=== Section Start ===

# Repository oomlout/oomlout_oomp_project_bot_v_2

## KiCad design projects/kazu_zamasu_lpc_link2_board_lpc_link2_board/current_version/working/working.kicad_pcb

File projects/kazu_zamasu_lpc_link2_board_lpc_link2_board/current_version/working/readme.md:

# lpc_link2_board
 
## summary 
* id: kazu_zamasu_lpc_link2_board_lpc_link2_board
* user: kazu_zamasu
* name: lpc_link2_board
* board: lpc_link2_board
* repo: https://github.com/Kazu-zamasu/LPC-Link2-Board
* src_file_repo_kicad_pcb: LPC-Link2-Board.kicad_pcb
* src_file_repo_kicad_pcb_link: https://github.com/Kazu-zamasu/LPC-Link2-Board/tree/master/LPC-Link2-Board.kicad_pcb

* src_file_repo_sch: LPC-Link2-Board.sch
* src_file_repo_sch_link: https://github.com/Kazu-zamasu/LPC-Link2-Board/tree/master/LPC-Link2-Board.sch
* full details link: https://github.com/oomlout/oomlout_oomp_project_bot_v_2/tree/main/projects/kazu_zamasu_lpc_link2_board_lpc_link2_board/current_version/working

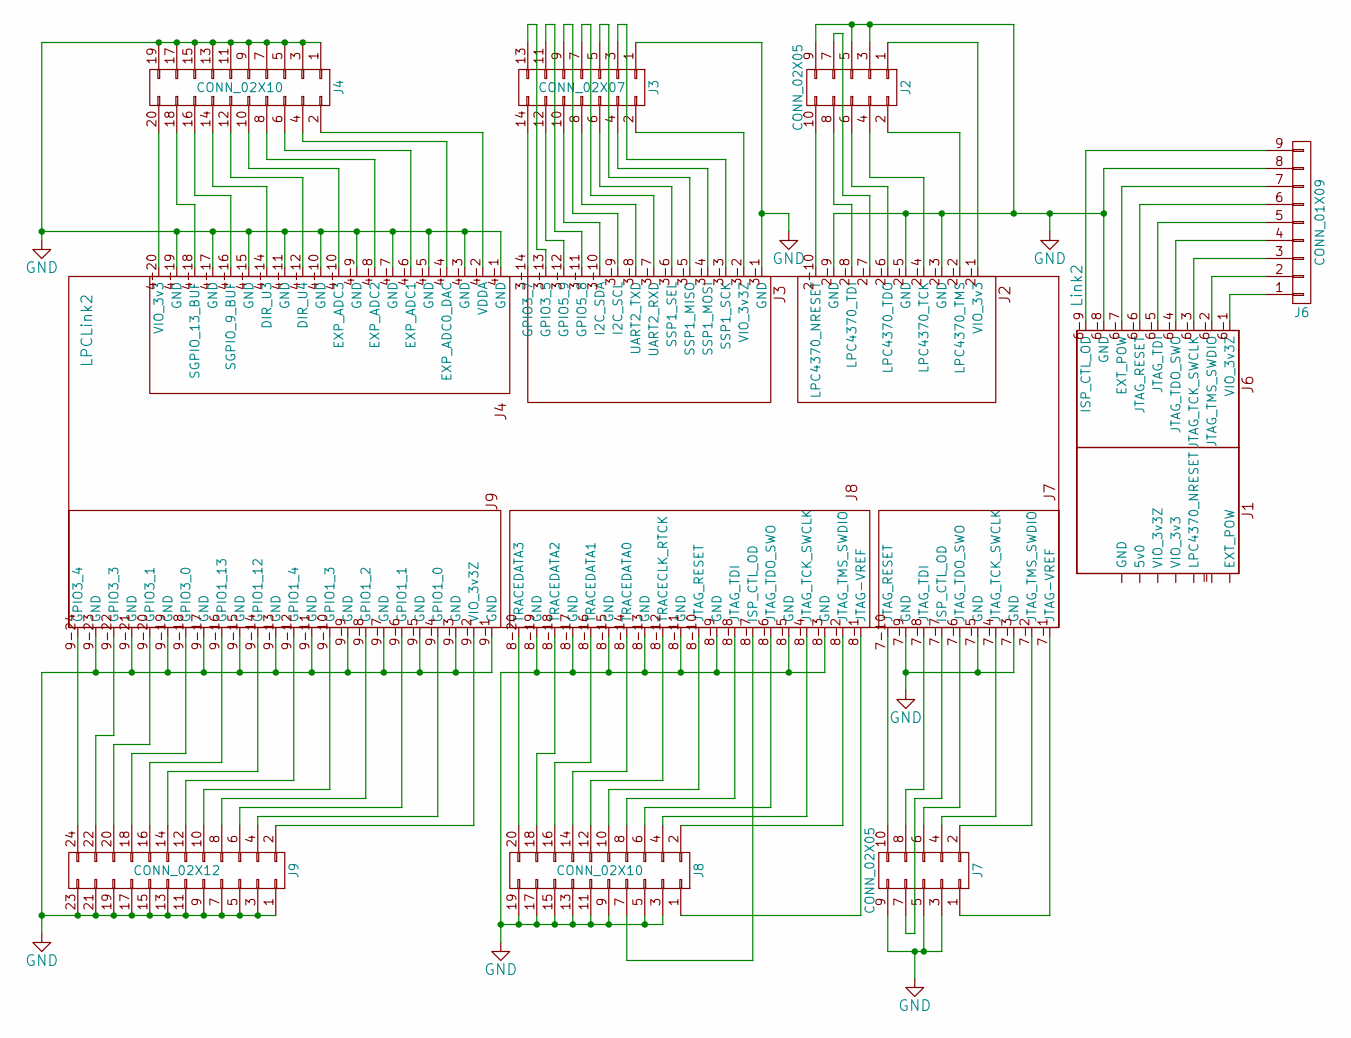
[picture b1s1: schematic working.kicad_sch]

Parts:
J2, J7: CONN_02X05; Socket_Strip_Straight_2x05
J3: CONN_02X07; Socket_Strip_Straight_2x07
J4, J8: CONN_02X10; Socket_Strip_Straight_2x10
J6: CONN_01X09; Socket_Strip_Straight_1x09
J9: CONN_02X12; Socket_Strip_Straight_2x12
Link2: LPCLink2; LPCLink2_Base-SMT

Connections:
unnamed: J2.1, Link2.2-1 (VIO_3v3)
unnamed: J2.2, Link2.2-2 (LPC4370_TMS)
unnamed: J2.4, Link2.2-4 (LPC4370_TCK)
unnamed: J2.6, Link2.2-6 (LPC4370_TDO)
unnamed: J2.7, Link2.2-7
unnamed: J2.8, Link2.2-8 (LPC4370_TDI)
unnamed: J2.10, Link2.2-10 (LPC4370_NRESET)
unnamed: J3.2, Link2.3-2 (VIO_3v3Z)
unnamed: J3.3, Link2.3-3 (SSP1_SCK)
unnamed: J3.4, Link2.3-4 (SSP1_MOSI)
unnamed: J3.5, Link2.3-5 (SSP1_MISO)
unnamed: J3.6, Link2.3-6 (SSP1_SEL)
unnamed: J3.7, Link2.3-7 (UART2_RXD)
unnamed: J3.8, Link2.3-8 (UART2_TXD)
unnamed: J3.9, Link2.3-9 (I2C_SCL)
unnamed: J3.10, Link2.3-10 (I2C_SDA)
unnamed: J3.11, Link2.3-11 (GPIO5_8)
unnamed: J3.12, Link2.3-12 (GPIO5_9)
unnamed: J3.13, Link2.3-13 (GPIO3_5)
unnamed: J3.14, Link2.3-14 (GPIO3_7)
unnamed: J4.2, Link2.4-2 (VDDA)
unnamed: J4.4, Link2.4-4 (EXP_ADC0_DAC)
unnamed: J4.6, Link2.4-6 (EXP_ADC1)
unnamed: J4.8, Link2.4-8 (EXP_ADC2)
unnamed: J4.12, Link2.4-12 (DIR_U4)
unnamed: J4.14, Link2.4-14 (DIR_U3)
unnamed: J4.16, Link2.4-16 (SGPIO_9_BUF)
unnamed: J4.18, Link2.4-18 (SGPIO_13_BUF)
unnamed: J4.20, Link2.4-20 (VIO_3v3)
unnamed: J6.1, Link2.6-1 (VIO_3v3Z)
unnamed: J6.2, Link2.6-2 (JTAG_TMS_SWDIO)
unnamed: J6.3, Link2.6-3 (JTAG_TCK_SWCLK)
unnamed: J6.4, Link2.6-4 (JTAG_TDO_SWO)
unnamed: J6.5, Link2.6-5 (JTAG_TDI)
unnamed: J6.6, Link2.6-6 (JTAG_RESET)
unnamed: J6.7, Link2.6-7 (EXT_POW)
unnamed: J6.9, Link2.6-9 (ISP_CTL_OD)
unnamed: J7.1, Link2.7-1 (JTAG-VREF)
unnamed: J7.2, Link2.7-2 (JTAG_TMS_SWDIO)
unnamed: J7.4, Link2.7-4 (JTAG_TCK_SWCLK)
unnamed: J7.6, Link2.7-6 (JTAG_TDO_SWO)
unnamed: J7.7, Link2.7-7 (ISP_CTL_OD)
unnamed: J7.8, Link2.7-8 (JTAG_TDI)
unnamed: J7.10, Link2.7-10 (JTAG_RESET)
unnamed: J8.1, Link2.8-1 (JTAG-VREF)
unnamed: J8.2, Link2.8-2 (JTAG_TMS_SWDIO)
unnamed: J8.4, Link2.8-4 (JTAG_TCK_SWCLK)
unnamed: J8.6, Link2.8-6 (JTAG_TDO_SWO)
unnamed: J8.7, Link2.8-7 (ISP_CTL_OD)
unnamed: J8.8, Link2.8-8 (JTAG_TDI)
unnamed: J8.10, Link2.8-10 (JTAG_RESET)
unnamed: J8.12, Link2.8-12 (TRACECLK_RTCK)
unnamed: J8.14, Link2.8-14 (TRACEDATA0)
unnamed: J8.16, Link2.8-16 (TRACEDATA1)
unnamed: J8.18, Link2.8-18 (TRACEDATA2)
unnamed: J8.20, Link2.8-20 (TRACEDATA3)
unnamed: J9.2, Link2.9-2 (VIO_3v3Z)
unnamed: J9.4, Link2.9-4 (GPIO1_0)
unnamed: J9.6, Link2.9-6 (GPIO1_1)
unnamed: J9.8, Link2.9-8 (GPIO1_2)
unnamed: J9.10, Link2.9-10 (GPIO1_3)
unnamed: J9.12, Link2.9-12 (GPIO1_4)
unnamed: J9.14, Link2.9-14 (GPIO1_12)
unnamed: J9.16, Link2.9-16 (GPIO1_13)
unnamed: J9.18, Link2.9-18 (GPIO3_0)
unnamed: J9.20, Link2.9-20 (GPIO3_1)
unnamed: J9.22, Link2.9-22 (GPIO3_3)
unnamed: J9.24, Link2.9-24 (GPIO3_4)

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
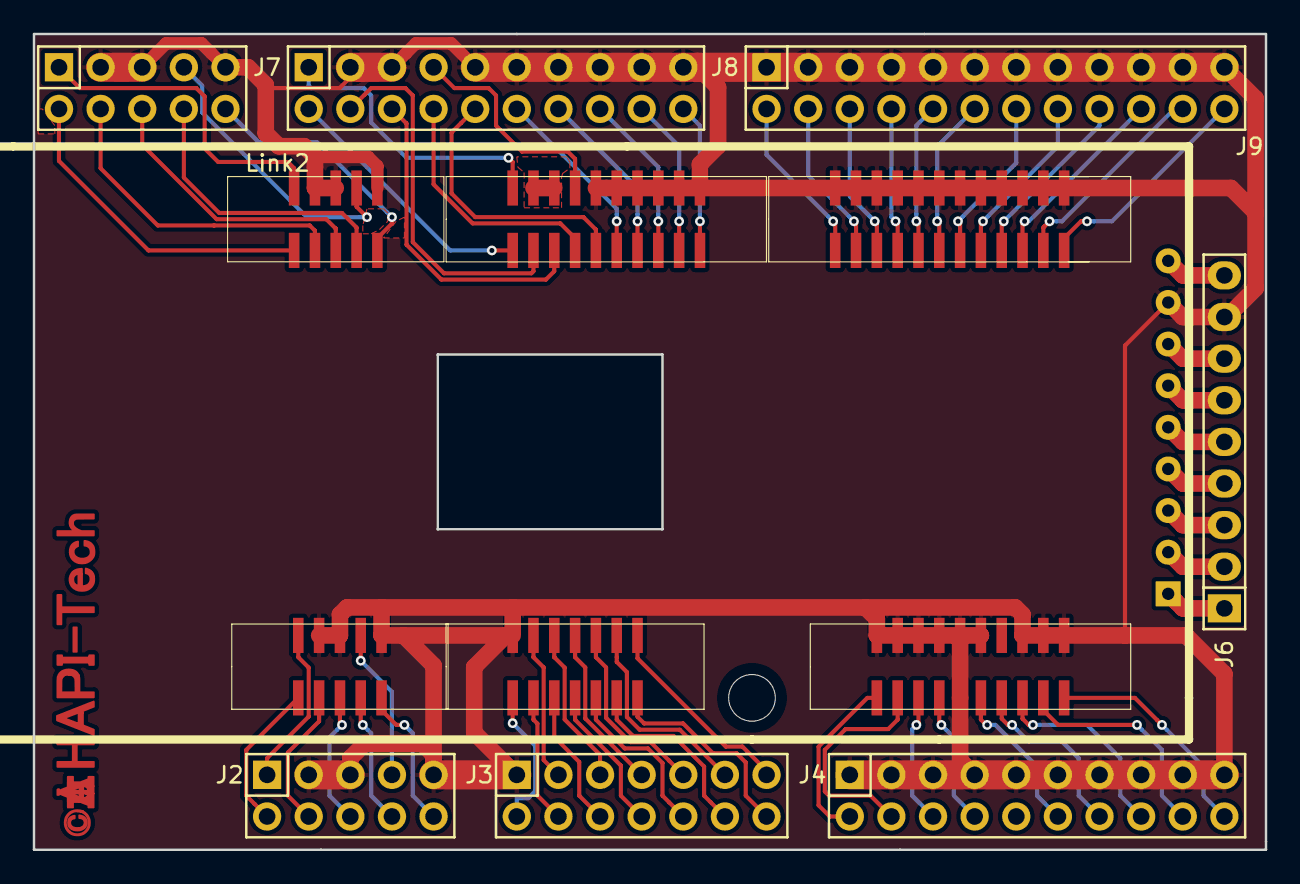
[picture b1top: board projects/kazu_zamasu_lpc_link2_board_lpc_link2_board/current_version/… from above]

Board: 2 copper layers, 75.2 x 49.8 mm, 8 parts (0 on the bottom side), 69 nets.

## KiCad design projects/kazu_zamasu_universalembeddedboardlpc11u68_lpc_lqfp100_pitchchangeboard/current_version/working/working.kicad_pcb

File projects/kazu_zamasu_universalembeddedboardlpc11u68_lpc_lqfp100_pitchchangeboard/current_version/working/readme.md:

# universalembeddedboardlpc11u68
 
## summary 
* id: kazu_zamasu_universalembeddedboardlpc11u68_lpc_lqfp100_pitchchangeboard
* user: kazu_zamasu
* name: universalembeddedboardlpc11u68
* board: lpc_lqfp100_pitchchangeboard
* repo: https://github.com/Kazu-zamasu/UniversalEmbeddedBoardLPC11U68
* src_file_repo_kicad_pcb: KiCad-files/LPC-LQFP100-PitchChangeBoard.kicad_pcb
* src_file_repo_kicad_pcb_link: https://github.com/Kazu-zamasu/UniversalEmbeddedBoardLPC11U68/tree/master/KiCad-files/LPC-LQFP100-PitchChangeBoard.kicad_pcb

* src_file_repo_sch: KiCad-files/LPC-LQFP100-PitchChangeBoard.sch
* src_file_repo_sch_link: https://github.com/Kazu-zamasu/UniversalEmbeddedBoardLPC11U68/tree/master/KiCad-files/LPC-LQFP100-PitchChangeBoard.sch
* full details link: https://github.com/oomlout/oomlout_oomp_project_bot_v_2/tree/main/projects/kazu_zamasu_universalembeddedboardlpc11u68_lpc_lqfp100_pitchchangeboard/current_version/working

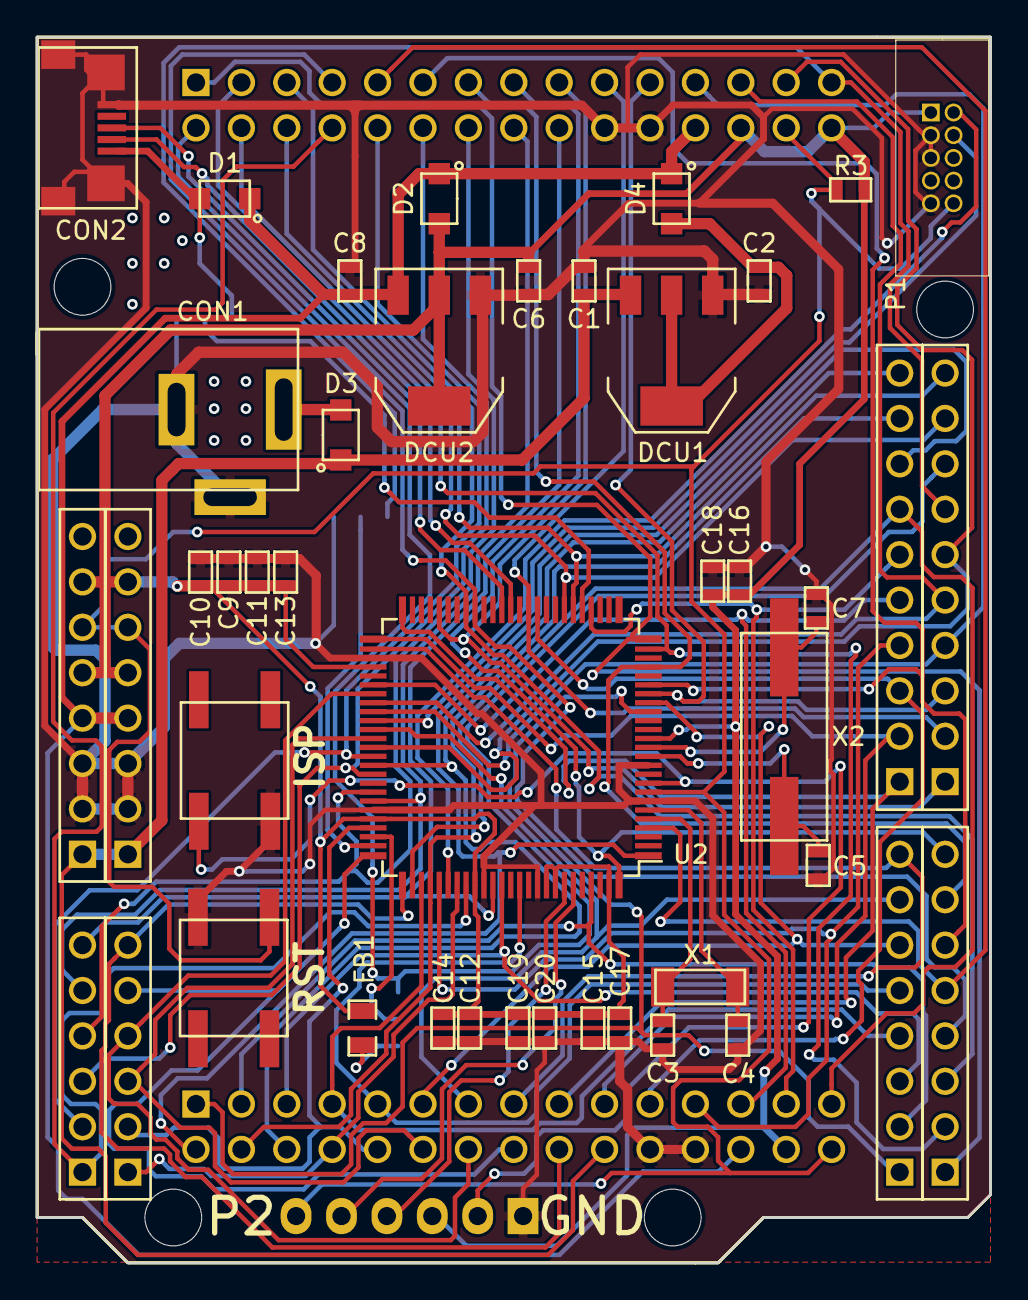
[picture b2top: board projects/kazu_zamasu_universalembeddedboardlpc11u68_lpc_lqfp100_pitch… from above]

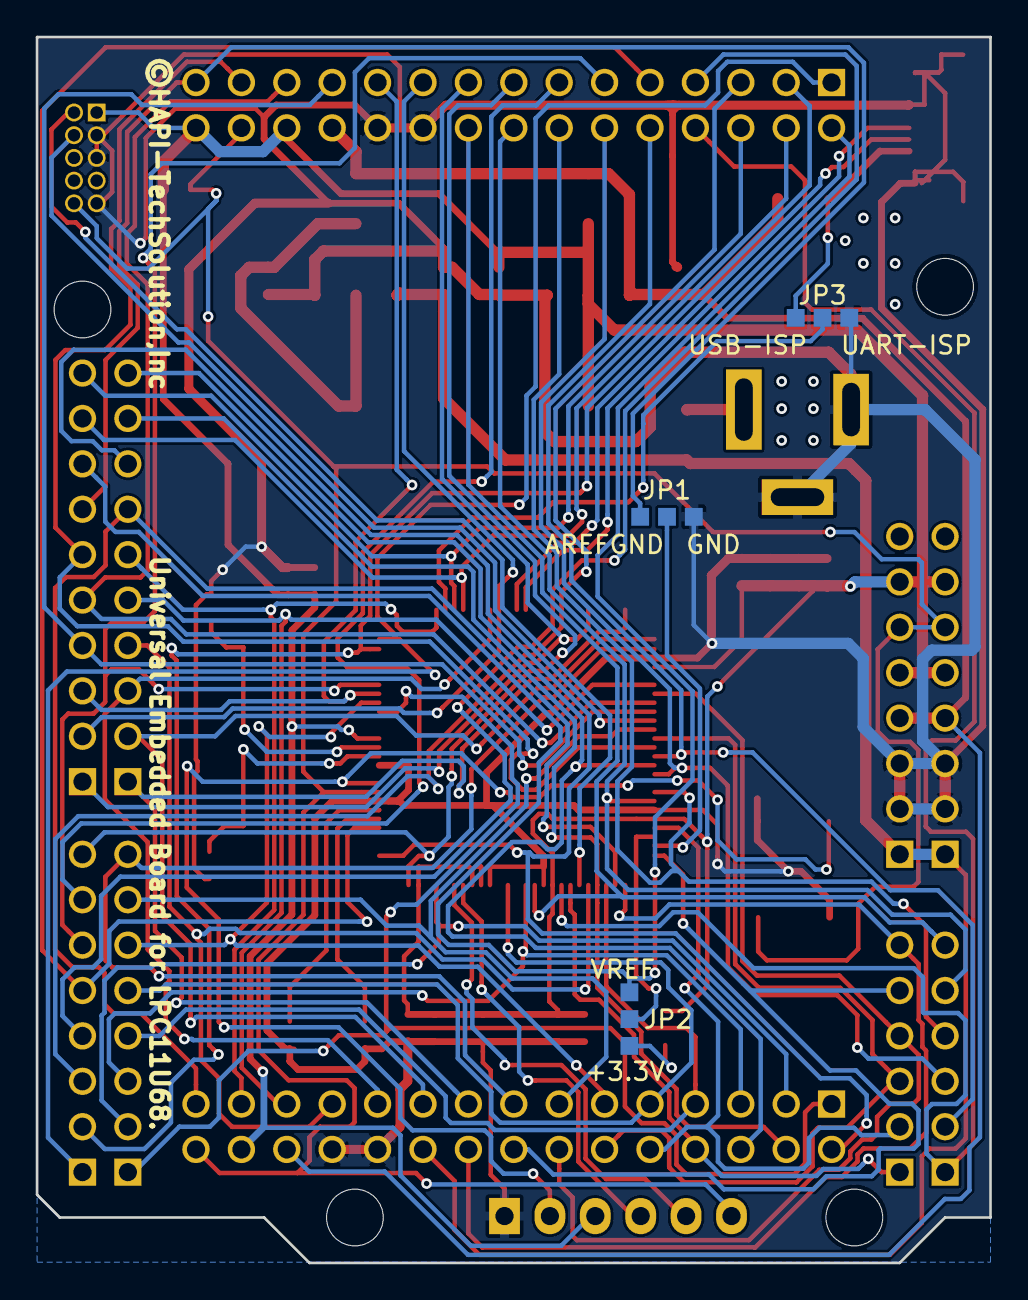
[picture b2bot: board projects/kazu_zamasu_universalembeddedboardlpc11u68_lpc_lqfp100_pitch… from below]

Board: 2 copper layers, 53.3 x 68.6 mm, 42 parts (5 on the bottom side), 71 nets.

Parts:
C1, C2, C6, C8, C17: 1uF; SMD-0603
C3, C4: 18pF; SMD-0603
C5, C7: 27pF; SMD-0603
C9, C11, C12, C15, C18, C19: 0.1uF; SMD-0603
C10, C13, C14, C16, C20: 0.01uF; SMD-0603
CON1: MJ-179P; DCJack_MJ-179P
CON2: HIROSE ZX62R-B-5P; Hirose-microUSB-ZX62R-B-5P
D1, D2, D3, D4: PMEG2010ER,115
DCU1: AZ1117E-5.0V; SOT-223
DCU2: AZ1117E-3.3V; SOT-223
FB1: R; SMD-0805
JP1, JP2, JP3: JUMPER3; SJ-3Pin
OPT1: Arduino-Shiled2(11x)Inside; Arduino-Shield-Inside-Outline
OPT2: Arduino-Shiled; Arduino-Shield-Normal-Outline
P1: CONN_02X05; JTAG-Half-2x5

=== Section End ===

Instructions to follow: Reproduce the records above exactly, but only from the line with "Board: 2 copper layers, 75.2" up to and including the line with "Board: 2 copper layers, 53.3". Leave the pictures out.

Written answer:
Board: 2 copper layers, 75.2 x 49.8 mm, 8 parts (0 on the bottom side), 69 nets.

## KiCad design projects/kazu_zamasu_universalembeddedboardlpc11u68_lpc_lqfp100_pitchchangeboard/current_version/working/working.kicad_pcb

File projects/kazu_zamasu_universalembeddedboardlpc11u68_lpc_lqfp100_pitchchangeboard/current_version/working/readme.md:

# universalembeddedboardlpc11u68
 
## summary 
* id: kazu_zamasu_universalembeddedboardlpc11u68_lpc_lqfp100_pitchchangeboard
* user: kazu_zamasu
* name: universalembeddedboardlpc11u68
* board: lpc_lqfp100_pitchchangeboard
* repo: https://github.com/Kazu-zamasu/UniversalEmbeddedBoardLPC11U68
* src_file_repo_kicad_pcb: KiCad-files/LPC-LQFP100-PitchChangeBoard.kicad_pcb
* src_file_repo_kicad_pcb_link: https://github.com/Kazu-zamasu/UniversalEmbeddedBoardLPC11U68/tree/master/KiCad-files/LPC-LQFP100-PitchChangeBoard.kicad_pcb

* src_file_repo_sch: KiCad-files/LPC-LQFP100-PitchChangeBoard.sch
* src_file_repo_sch_link: https://github.com/Kazu-zamasu/UniversalEmbeddedBoardLPC11U68/tree/master/KiCad-files/LPC-LQFP100-PitchChangeBoard.sch
* full details link: https://github.com/oomlout/oomlout_oomp_project_bot_v_2/tree/main/projects/kazu_zamasu_universalembeddedboardlpc11u68_lpc_lqfp100_pitchchangeboard/current_version/working

[picture b2top: board projects/kazu_zamasu_universalembeddedboardlpc11u68_lpc_lqfp100_pitch… from above]

[picture b2bot: board projects/kazu_zamasu_universalembeddedboardlpc11u68_lpc_lqfp100_pitch… from below]

Board: 2 copper layers, 53.3 x 68.6 mm, 42 parts (5 on the bottom side), 71 nets.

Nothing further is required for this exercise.